The other day someone asked me how to include products with seasonal demand in recommendations based on collaborative filtering or some other technique. The solution to the problem involves two steps. The first step is to identify products with seasonal demand. The second step involves merging two ranked lists, one list being the recommendation list based on some recommendation algorithm, the other being the list of products with seasonal demand. The second list is a function of time.
Our focus in this post is on the first problem. As we will explore here in this post, products with seasonal demand can be found with some simple statistical technique. The solution involves running three Hadoop Map Reduce jobs in tandem. The implementation is available in open source project chombo available on github.
Order Transaction Data as Input
Our use case is for an on line store. We use the order transaction data with the following components.
- Transaction ID
- Product ID
- Monetary amount
- Time stamp
The monetary amount is used as an indicator for demand. We could have also used product quantity. Here is some sample input. Our data will contain higher than normal pre school sales for certain products.
At any given time of the year we want the solution to give us a list of products that has high seasonal demand at that time of the year.
The solution has three steps. The first step is to detect seasonality in the data. Data with seasonal components has the following characteristics.
- A fixed cycle of seasonality e.g for week of the year seasonality,the cycle is a year
- A time interval e.g for week of the year seasonality, the interval is 7 days
- Seasonal cycle index, e.g for week of the year seasonality, the index is between 0 and 53
In this step, we process past transaction data and bin the transaction amount with one bin per week. Since are using week of the year as the seasonality cycle, there will be 53 bins, one of each week in an year.
We sum the amount for each bin. The output is essentially an de normalized histogram, A week is considered to begin on a Monday. Since there may be partial weeks near the year boundary, we may have have up to 53 weeks in a year.More on seasonality detection can be found in an earlier post.

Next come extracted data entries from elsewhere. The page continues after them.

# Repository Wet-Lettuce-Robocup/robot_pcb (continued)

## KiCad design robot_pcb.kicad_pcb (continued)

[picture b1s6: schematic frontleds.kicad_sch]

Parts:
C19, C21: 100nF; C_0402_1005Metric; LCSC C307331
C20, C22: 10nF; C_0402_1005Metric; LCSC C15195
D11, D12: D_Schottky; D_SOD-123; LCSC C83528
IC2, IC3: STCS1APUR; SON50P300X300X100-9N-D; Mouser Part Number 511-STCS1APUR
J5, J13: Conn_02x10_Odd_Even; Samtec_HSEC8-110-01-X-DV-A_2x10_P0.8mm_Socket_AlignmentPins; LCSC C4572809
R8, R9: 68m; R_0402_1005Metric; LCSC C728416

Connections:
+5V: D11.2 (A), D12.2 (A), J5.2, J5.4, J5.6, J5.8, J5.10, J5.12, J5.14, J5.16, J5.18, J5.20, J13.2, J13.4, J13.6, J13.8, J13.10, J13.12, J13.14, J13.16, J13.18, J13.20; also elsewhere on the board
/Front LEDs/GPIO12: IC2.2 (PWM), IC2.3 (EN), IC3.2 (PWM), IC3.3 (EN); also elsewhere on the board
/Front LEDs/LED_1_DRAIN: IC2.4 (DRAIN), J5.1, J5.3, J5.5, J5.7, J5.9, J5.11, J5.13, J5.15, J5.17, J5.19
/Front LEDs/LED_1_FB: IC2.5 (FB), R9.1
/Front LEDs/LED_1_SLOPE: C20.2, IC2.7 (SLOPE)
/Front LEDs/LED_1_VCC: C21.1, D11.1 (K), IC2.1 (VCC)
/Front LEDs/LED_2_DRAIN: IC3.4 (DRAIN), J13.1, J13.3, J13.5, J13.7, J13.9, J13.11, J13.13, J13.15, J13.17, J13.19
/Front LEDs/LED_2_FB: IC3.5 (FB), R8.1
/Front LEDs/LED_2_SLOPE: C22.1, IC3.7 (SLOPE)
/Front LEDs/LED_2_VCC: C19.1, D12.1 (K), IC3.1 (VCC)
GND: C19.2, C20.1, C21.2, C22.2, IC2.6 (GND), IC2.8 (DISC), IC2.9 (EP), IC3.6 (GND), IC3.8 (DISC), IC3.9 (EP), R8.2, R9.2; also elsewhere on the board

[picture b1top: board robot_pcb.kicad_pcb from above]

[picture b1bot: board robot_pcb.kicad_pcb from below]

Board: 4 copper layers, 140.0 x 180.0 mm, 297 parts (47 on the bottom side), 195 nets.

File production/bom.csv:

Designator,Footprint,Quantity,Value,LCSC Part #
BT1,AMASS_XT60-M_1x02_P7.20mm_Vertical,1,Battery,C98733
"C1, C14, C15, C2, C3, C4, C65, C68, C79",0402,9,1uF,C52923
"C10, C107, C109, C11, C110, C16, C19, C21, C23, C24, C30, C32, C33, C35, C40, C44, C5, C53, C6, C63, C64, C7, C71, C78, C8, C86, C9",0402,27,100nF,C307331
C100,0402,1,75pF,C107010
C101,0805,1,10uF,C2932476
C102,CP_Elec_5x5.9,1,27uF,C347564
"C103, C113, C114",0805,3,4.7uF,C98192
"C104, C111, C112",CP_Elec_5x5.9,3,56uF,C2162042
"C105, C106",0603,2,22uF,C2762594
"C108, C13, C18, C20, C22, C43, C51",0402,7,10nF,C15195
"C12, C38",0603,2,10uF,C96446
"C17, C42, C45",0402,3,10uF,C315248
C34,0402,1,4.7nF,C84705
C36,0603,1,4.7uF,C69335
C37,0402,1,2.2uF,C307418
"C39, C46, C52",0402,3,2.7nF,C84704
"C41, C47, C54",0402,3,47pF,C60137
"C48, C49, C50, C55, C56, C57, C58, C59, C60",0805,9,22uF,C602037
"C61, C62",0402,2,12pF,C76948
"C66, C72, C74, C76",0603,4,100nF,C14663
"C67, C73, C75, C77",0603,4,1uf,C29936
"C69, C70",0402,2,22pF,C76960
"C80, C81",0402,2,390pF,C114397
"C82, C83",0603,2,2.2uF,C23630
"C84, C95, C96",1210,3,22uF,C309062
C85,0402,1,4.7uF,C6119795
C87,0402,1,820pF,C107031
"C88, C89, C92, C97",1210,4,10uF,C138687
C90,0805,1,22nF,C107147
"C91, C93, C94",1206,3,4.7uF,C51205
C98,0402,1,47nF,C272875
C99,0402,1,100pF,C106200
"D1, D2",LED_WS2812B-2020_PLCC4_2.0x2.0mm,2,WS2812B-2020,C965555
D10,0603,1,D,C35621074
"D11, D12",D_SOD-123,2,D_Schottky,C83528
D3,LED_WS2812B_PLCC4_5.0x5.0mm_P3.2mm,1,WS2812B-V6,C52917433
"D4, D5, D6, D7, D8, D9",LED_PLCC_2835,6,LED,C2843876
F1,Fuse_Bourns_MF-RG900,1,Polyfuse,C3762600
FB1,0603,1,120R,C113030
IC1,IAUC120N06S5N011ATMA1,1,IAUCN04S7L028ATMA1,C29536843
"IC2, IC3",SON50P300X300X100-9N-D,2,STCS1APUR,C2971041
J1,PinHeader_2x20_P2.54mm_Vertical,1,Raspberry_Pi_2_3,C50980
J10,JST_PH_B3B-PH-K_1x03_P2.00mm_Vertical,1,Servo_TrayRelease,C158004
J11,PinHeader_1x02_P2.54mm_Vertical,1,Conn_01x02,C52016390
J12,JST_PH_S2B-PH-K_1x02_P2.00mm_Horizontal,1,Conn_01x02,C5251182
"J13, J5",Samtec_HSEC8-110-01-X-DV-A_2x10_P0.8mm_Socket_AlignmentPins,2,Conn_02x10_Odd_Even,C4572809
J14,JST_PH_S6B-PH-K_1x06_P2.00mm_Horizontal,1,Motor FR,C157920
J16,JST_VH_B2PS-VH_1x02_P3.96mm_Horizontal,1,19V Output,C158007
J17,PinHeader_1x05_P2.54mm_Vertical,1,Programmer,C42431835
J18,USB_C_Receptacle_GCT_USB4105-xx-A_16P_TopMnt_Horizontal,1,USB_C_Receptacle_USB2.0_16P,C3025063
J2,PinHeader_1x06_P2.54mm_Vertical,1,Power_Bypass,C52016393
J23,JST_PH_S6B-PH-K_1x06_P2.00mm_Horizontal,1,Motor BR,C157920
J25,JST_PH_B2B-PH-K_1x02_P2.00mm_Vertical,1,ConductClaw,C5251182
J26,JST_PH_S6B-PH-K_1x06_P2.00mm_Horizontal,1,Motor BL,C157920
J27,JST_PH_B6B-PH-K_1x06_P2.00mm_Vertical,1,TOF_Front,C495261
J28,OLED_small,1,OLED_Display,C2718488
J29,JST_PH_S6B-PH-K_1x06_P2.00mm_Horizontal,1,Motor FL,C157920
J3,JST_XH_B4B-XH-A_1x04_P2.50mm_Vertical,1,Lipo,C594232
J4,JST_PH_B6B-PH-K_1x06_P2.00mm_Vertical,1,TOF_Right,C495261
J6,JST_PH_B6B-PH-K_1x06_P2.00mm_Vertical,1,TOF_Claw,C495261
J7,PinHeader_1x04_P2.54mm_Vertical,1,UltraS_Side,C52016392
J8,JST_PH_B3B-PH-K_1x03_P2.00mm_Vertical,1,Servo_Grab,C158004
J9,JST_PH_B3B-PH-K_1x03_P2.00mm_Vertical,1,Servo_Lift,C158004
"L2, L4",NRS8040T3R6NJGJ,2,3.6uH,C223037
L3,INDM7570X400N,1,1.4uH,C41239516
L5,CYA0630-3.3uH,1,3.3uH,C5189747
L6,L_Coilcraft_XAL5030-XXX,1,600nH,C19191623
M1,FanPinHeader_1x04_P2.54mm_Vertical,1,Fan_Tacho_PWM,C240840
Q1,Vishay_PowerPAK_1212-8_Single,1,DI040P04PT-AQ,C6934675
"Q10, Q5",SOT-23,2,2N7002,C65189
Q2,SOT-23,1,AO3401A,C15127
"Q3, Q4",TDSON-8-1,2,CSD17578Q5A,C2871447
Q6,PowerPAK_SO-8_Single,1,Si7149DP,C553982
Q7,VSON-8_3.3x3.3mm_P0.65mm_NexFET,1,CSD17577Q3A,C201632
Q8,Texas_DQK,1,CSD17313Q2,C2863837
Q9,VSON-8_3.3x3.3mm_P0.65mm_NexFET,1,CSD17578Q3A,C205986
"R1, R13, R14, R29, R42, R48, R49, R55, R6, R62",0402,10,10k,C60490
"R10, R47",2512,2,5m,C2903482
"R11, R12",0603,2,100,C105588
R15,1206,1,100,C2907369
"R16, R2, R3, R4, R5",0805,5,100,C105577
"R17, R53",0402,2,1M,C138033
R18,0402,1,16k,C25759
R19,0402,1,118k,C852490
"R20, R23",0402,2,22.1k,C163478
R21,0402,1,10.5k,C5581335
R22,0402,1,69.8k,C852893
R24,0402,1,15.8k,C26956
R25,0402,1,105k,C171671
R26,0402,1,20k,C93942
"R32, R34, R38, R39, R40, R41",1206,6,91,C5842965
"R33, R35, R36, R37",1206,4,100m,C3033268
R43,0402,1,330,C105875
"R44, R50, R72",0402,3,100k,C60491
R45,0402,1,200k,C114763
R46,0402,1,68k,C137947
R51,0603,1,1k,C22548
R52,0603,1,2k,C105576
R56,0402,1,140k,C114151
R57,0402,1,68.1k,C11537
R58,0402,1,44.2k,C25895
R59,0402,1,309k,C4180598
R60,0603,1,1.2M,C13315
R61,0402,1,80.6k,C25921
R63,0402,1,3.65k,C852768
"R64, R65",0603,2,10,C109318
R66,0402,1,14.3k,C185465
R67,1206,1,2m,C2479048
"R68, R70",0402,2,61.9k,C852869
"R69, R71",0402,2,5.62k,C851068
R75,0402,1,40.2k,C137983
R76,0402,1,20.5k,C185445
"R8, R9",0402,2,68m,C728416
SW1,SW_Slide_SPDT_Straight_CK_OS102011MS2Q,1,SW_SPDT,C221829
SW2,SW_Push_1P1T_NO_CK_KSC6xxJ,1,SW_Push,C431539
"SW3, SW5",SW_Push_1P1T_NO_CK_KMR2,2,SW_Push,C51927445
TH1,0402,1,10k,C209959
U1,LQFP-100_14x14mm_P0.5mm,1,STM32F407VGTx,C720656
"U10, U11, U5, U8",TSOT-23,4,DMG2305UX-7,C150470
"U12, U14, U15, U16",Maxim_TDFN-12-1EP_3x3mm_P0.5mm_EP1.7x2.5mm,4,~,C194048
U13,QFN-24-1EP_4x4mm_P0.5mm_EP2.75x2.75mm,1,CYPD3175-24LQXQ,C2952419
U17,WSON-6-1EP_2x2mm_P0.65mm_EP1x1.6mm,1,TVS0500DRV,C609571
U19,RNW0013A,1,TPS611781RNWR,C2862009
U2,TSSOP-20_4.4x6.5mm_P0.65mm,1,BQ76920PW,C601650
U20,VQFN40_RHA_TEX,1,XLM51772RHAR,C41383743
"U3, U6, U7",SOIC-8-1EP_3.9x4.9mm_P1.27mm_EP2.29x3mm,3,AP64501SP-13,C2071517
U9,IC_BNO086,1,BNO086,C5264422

In the second step we take the output of the first step and calculate normalized distribution of transaction amount and certain statistical properties from the distribution.
In the third and final step, we take the output of the second step and identify the modes of the histogram for products with significant non uniformity in the histogram distribution. The modes will correspond to weeks with higher than average demand.
Map Reduce Pipeline
As mentioned earlier, there are three map reduce jobs that run in tandem, one for each of the 3 steps as described earlier. The first map reduce job SeasonalDetector maps the time stamp to a week of the year index i.e cycle index for each transaction. It’s output is as follows. There is one output record for each product and week of the years.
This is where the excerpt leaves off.